What needs to be done. Return the run of lines below that opens with the line containing "El sistema se" and closes with the line containing "batería | INA226 |", keeping each one exact.

*** Record set ***

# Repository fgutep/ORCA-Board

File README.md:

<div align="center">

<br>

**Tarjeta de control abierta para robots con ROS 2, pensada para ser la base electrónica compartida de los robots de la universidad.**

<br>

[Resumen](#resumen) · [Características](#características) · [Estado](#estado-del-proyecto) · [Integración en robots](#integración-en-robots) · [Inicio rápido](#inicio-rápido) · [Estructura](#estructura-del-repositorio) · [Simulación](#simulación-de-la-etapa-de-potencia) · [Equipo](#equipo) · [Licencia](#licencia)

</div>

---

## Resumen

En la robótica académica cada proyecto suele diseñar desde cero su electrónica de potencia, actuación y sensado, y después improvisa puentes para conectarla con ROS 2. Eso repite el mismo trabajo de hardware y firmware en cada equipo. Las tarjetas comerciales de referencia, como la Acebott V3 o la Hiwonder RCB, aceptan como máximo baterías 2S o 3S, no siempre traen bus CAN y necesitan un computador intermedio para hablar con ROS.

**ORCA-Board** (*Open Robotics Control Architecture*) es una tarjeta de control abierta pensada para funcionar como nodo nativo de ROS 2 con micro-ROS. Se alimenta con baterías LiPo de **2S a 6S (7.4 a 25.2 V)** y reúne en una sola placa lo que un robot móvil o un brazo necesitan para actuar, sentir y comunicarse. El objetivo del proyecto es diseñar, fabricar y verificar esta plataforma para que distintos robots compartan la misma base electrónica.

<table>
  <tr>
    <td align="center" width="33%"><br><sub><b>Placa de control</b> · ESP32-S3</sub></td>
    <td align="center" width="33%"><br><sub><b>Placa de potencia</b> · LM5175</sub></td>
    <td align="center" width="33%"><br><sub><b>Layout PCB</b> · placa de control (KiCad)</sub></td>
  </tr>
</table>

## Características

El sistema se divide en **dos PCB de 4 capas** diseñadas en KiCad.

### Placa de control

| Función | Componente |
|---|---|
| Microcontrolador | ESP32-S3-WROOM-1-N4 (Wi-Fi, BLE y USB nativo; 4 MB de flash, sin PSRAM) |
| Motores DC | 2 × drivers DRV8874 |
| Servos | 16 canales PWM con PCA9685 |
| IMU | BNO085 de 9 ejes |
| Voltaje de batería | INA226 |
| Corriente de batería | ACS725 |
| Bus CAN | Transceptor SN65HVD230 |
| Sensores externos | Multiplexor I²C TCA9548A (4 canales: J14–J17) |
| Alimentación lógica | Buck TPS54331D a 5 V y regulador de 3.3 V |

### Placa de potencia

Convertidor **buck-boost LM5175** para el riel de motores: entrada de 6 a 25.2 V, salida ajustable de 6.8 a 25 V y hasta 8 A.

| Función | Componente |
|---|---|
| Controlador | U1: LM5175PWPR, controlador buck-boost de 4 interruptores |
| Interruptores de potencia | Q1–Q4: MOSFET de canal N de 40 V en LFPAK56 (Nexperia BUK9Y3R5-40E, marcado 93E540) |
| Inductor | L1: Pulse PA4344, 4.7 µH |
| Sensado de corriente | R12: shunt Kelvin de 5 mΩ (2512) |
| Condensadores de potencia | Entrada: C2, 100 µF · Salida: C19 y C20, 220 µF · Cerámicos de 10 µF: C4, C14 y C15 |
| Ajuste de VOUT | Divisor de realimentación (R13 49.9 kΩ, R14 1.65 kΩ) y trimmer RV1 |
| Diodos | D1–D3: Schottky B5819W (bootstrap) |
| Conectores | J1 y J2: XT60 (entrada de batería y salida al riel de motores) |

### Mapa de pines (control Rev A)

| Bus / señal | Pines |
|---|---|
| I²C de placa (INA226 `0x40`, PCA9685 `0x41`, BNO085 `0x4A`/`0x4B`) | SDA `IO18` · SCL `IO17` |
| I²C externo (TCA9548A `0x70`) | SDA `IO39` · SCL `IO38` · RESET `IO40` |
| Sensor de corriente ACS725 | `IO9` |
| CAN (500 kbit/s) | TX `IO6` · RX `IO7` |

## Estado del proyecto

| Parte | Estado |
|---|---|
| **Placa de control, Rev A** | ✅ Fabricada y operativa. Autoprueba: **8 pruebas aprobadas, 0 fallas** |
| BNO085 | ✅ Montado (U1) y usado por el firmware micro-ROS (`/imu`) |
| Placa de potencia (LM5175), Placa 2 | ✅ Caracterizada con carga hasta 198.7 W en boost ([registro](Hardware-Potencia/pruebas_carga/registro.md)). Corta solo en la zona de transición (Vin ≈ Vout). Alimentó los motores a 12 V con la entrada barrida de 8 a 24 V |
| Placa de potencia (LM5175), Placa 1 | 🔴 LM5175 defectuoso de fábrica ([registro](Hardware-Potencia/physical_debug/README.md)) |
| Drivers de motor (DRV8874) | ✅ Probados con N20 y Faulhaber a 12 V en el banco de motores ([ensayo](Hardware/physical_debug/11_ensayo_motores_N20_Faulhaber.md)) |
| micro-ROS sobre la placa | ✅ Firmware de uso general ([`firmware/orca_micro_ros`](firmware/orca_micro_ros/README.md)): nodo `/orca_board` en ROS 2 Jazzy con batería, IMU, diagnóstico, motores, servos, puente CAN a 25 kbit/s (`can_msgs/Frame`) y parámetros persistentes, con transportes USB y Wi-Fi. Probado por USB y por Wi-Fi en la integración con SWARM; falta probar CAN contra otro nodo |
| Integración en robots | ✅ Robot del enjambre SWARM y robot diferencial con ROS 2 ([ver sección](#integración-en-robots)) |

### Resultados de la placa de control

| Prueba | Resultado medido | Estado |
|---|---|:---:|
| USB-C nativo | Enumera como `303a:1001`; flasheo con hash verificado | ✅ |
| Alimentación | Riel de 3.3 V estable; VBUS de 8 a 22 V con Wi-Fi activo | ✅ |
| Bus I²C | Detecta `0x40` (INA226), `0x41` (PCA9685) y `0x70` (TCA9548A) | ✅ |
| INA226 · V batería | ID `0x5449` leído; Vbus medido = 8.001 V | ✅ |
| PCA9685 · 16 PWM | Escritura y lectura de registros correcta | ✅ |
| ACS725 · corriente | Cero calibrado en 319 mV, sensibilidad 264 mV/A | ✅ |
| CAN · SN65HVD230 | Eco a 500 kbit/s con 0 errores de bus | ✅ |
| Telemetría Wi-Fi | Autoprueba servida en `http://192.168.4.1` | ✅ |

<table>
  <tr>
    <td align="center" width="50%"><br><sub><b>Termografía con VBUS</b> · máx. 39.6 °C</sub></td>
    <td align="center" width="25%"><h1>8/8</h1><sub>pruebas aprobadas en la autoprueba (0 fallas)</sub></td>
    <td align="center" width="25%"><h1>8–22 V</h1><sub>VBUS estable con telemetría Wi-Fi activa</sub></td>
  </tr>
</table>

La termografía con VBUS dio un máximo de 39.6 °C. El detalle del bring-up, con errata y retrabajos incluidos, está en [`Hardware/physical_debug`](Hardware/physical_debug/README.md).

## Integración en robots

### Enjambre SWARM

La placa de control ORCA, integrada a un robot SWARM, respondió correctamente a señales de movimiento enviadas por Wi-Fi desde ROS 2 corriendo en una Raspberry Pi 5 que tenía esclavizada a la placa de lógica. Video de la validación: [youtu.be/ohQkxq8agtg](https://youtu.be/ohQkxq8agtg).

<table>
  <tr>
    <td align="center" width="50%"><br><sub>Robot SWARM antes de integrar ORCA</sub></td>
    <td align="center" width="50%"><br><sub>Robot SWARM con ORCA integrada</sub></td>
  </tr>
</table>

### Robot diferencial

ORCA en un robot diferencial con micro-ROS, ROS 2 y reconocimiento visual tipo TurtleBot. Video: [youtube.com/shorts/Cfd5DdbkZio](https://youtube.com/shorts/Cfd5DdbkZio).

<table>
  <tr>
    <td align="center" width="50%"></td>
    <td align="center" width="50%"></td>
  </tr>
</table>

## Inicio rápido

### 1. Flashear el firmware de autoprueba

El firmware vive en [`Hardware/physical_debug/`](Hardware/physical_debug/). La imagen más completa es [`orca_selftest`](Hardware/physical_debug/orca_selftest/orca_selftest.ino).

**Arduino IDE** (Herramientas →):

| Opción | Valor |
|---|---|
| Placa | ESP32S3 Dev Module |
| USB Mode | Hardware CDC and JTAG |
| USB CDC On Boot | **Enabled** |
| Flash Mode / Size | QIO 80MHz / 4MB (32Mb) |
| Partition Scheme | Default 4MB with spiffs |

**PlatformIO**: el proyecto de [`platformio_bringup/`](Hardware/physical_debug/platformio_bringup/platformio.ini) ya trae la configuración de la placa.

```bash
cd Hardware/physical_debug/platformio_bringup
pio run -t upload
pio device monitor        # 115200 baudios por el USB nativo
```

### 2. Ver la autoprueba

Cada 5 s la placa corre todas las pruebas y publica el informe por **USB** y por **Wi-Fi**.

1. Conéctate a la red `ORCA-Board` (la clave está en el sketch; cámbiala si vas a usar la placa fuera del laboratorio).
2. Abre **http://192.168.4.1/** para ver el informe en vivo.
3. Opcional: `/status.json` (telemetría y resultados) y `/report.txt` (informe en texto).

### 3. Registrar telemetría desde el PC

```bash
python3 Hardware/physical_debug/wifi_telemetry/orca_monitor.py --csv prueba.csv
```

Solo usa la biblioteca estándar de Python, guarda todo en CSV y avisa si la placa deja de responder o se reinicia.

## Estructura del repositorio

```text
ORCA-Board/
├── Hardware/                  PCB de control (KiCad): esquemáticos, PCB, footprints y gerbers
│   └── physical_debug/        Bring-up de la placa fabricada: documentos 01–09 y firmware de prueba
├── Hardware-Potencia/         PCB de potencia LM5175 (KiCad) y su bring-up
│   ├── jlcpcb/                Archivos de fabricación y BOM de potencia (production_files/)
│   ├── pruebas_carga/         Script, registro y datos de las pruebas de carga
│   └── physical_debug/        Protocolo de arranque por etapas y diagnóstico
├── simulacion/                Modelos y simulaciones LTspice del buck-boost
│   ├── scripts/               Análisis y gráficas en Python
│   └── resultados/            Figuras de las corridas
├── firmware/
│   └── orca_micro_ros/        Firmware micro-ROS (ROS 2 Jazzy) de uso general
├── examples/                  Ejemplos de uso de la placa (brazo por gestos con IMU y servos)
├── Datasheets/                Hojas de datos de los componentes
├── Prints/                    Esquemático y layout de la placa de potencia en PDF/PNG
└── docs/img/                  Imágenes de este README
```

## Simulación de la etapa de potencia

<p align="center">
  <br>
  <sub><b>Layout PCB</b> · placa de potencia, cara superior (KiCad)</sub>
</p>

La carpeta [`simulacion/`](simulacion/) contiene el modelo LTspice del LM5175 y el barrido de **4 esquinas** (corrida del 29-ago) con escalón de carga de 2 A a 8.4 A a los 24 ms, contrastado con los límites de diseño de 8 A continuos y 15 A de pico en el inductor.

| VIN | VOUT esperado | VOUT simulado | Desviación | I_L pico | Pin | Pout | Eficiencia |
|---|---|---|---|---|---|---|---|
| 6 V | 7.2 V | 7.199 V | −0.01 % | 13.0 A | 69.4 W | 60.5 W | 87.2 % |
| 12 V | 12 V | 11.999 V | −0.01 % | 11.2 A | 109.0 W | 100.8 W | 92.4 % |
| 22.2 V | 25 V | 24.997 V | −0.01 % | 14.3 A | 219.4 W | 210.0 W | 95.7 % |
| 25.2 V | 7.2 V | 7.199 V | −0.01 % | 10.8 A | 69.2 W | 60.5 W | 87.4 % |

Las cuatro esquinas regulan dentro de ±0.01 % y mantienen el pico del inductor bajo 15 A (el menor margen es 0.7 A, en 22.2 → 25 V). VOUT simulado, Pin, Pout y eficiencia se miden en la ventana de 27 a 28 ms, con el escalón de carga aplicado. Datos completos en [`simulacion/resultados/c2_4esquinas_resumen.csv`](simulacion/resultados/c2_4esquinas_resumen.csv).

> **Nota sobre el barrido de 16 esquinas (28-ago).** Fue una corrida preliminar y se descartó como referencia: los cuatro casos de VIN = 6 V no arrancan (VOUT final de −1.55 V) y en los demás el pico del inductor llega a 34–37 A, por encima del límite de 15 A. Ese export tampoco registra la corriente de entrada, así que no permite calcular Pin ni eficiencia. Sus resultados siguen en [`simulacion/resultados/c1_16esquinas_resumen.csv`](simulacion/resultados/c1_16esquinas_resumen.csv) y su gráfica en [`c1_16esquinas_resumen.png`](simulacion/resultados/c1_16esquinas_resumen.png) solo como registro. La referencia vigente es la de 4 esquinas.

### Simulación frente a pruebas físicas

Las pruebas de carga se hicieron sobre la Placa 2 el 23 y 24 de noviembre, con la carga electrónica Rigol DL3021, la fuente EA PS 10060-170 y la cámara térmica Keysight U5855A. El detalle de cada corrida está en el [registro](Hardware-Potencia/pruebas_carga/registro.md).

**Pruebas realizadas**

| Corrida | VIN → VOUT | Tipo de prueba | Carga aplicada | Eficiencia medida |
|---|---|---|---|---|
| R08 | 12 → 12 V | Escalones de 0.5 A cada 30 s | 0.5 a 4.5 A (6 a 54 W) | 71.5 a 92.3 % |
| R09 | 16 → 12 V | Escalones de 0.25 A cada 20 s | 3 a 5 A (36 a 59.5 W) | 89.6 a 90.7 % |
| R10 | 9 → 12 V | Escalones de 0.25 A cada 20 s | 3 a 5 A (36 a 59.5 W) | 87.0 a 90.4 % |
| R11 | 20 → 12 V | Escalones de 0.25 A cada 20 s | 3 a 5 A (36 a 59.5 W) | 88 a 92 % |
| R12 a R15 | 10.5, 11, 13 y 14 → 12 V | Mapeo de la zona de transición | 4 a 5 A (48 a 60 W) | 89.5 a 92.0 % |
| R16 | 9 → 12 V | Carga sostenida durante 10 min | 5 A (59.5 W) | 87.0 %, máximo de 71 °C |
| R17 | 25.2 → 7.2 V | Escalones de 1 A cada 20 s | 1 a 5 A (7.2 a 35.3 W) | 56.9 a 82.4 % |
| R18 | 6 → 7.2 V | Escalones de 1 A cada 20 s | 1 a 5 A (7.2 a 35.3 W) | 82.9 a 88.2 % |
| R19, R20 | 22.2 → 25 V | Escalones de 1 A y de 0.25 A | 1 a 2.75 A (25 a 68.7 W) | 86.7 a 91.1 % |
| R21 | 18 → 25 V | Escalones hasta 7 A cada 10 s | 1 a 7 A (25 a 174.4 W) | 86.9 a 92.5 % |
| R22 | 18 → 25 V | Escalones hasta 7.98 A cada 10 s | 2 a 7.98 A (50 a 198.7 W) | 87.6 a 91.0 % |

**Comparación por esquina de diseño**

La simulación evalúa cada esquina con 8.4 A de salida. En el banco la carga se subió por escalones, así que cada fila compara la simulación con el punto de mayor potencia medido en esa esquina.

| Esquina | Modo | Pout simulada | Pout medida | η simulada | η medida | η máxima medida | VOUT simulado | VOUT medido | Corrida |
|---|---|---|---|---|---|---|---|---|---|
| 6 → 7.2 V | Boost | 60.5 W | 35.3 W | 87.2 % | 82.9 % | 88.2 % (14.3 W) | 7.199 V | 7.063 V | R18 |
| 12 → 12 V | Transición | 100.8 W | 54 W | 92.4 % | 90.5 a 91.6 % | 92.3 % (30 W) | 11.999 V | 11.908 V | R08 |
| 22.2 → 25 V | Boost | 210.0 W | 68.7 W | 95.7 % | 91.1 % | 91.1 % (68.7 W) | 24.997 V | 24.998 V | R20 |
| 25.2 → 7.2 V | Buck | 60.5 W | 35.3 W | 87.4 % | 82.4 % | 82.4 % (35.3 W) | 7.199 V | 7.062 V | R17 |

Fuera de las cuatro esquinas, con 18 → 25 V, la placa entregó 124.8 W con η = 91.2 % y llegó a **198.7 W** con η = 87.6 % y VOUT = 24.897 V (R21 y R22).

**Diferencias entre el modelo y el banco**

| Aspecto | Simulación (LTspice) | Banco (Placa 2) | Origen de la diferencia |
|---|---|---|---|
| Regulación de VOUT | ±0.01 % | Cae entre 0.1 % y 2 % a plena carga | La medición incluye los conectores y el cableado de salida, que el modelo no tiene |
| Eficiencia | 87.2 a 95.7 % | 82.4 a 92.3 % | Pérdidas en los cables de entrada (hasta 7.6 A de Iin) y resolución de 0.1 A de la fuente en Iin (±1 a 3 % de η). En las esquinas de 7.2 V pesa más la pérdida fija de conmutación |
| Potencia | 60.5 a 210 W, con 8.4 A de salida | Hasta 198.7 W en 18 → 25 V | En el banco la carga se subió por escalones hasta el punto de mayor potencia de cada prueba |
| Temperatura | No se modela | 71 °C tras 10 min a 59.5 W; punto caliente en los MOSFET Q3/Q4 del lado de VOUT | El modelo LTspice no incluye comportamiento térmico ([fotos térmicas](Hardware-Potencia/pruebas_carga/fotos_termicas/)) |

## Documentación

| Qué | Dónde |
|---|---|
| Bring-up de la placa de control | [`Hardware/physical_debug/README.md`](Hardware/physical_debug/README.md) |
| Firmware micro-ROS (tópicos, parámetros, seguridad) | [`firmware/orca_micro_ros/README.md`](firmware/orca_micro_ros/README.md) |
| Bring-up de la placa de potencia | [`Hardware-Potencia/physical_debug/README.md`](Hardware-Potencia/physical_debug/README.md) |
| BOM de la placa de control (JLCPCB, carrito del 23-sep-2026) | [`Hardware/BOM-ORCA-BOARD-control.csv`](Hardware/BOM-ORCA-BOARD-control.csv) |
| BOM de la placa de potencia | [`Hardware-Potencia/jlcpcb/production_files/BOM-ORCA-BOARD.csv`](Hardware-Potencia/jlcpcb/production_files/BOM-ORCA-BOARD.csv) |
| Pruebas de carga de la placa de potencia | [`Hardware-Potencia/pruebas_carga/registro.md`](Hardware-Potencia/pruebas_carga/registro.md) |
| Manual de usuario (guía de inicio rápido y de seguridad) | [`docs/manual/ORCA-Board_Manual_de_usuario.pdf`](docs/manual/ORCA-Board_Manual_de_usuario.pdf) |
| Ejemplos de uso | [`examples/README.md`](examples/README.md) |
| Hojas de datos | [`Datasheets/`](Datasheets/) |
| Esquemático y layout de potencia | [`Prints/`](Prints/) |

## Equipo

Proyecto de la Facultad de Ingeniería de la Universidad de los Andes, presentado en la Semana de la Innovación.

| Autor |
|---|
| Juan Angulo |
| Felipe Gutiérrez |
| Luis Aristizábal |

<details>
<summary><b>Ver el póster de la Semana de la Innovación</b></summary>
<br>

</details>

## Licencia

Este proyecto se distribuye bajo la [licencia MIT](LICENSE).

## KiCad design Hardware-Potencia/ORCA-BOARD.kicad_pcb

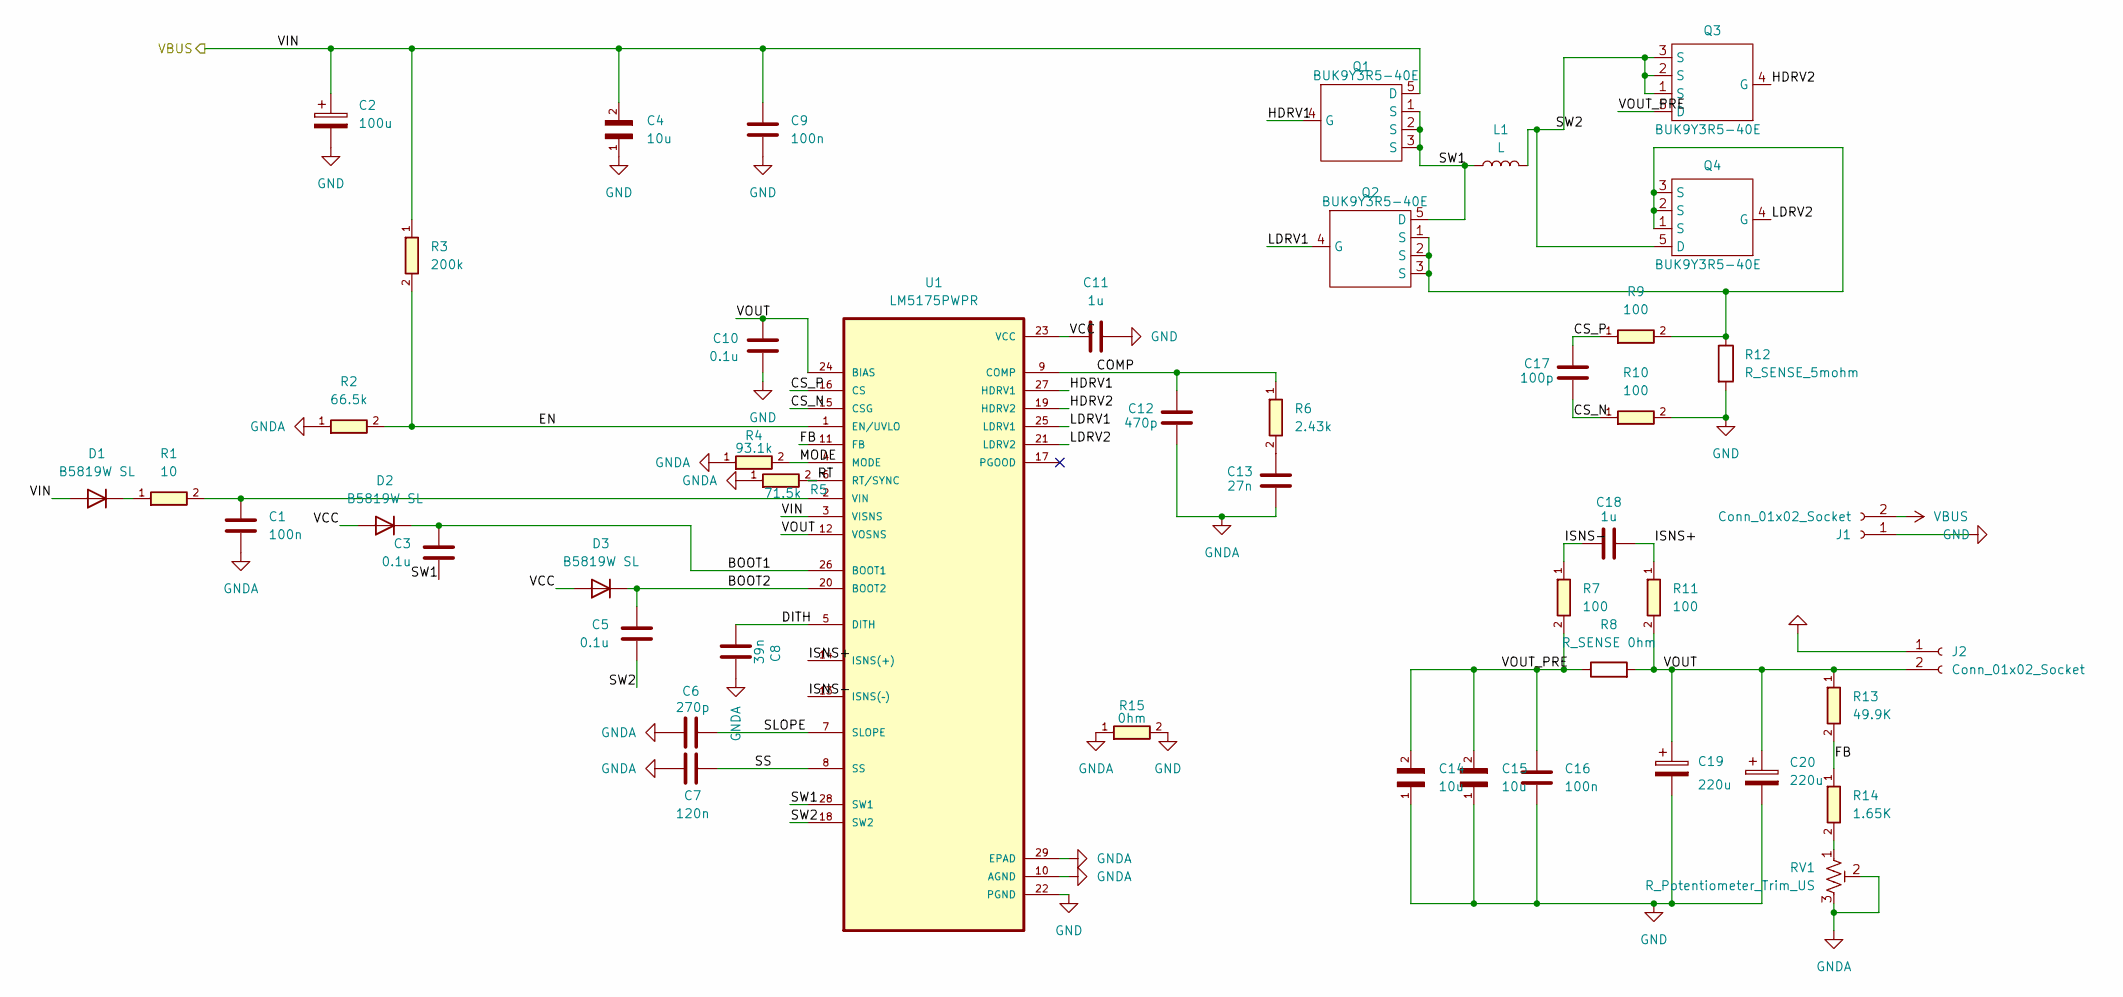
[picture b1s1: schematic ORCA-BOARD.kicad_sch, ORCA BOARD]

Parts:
C1: 100n; 0603; LCSC C1591
C2: 100u; CP_Radial_D8.0mm_P3.50mm; LCSC C171434
C3, C5, C10: 0.1u; 0603; LCSC C1591
C4, C14, C15: 10u; CAPC3225X280N; LCSC C18739
C6: 270p; 0603; LCSC C1657
C7: 120n; 0603; LCSC C282672
C8: 39n; 0603; LCSC C107091
C9, C16: 100n; CAPC3225X280N; LCSC C76567
C11, C18: 1u; CAPC2012X100N; LCSC C28323
C12: 470p; 0603; LCSC C36252
C13: 27n; 0603; LCSC C107086
C17: 100p; 0603; LCSC C14858
C19, C20: 220u; CP_Radial_D8.0mm_P3.50mm; LCSC C48970419
D1, D2, D3: B5819W SL; D_SOD-123; LCSC C8598
J1, J2: Conn_01x02_Socket; AMASS_XT60-F_1x02_P7.20mm_Vertical; LCSC C98734
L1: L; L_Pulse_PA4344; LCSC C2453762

*** End of Record set ***

Solution to the exercise.
El sistema se divide en **dos PCB de 4 capas** diseñadas en KiCad.

### Placa de control

| Función | Componente |
|---|---|
| Microcontrolador | ESP32-S3-WROOM-1-N4 (Wi-Fi, BLE y USB nativo; 4 MB de flash, sin PSRAM) |
| Motores DC | 2 × drivers DRV8874 |
| Servos | 16 canales PWM con PCA9685 |
| IMU | BNO085 de 9 ejes |
| Voltaje de batería | INA226 |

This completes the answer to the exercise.